**EXERCISE PROMPT**
Your result will be the set of lines with "Transfer", copied from the material below.

--- START ---

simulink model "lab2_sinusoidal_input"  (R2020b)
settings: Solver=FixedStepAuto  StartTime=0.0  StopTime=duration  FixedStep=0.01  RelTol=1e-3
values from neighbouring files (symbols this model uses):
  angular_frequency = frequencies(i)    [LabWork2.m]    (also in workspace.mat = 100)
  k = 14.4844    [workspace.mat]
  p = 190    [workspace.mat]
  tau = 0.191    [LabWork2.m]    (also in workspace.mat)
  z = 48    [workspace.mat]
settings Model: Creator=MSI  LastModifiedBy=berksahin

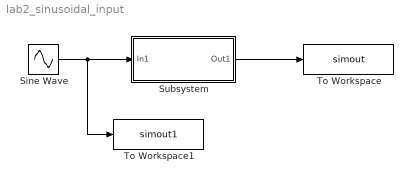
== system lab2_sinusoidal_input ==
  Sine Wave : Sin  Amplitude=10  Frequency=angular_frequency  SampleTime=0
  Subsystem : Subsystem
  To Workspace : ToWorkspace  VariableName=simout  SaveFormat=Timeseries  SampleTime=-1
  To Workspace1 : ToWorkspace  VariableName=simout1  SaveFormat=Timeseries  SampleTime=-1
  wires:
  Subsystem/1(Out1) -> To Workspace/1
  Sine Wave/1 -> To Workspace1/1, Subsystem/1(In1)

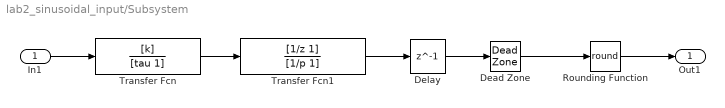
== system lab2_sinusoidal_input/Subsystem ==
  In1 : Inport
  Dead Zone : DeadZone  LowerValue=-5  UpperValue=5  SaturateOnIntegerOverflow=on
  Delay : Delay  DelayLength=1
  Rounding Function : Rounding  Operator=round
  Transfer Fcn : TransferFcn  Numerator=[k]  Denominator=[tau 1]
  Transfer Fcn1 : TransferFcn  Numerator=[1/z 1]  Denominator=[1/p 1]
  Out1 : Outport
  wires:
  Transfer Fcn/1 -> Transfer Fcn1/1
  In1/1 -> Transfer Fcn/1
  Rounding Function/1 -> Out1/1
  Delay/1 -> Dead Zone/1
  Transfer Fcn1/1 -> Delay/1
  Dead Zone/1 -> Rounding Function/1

--- END ---

**SOLUTION TO THIS TASK**
  Transfer Fcn : TransferFcn  Numerator=[k]  Denominator=[tau 1]
  Transfer Fcn1 : TransferFcn  Numerator=[1/z 1]  Denominator=[1/p 1]
  Transfer Fcn/1 -> Transfer Fcn1/1
  In1/1 -> Transfer Fcn/1
  Transfer Fcn1/1 -> Delay/1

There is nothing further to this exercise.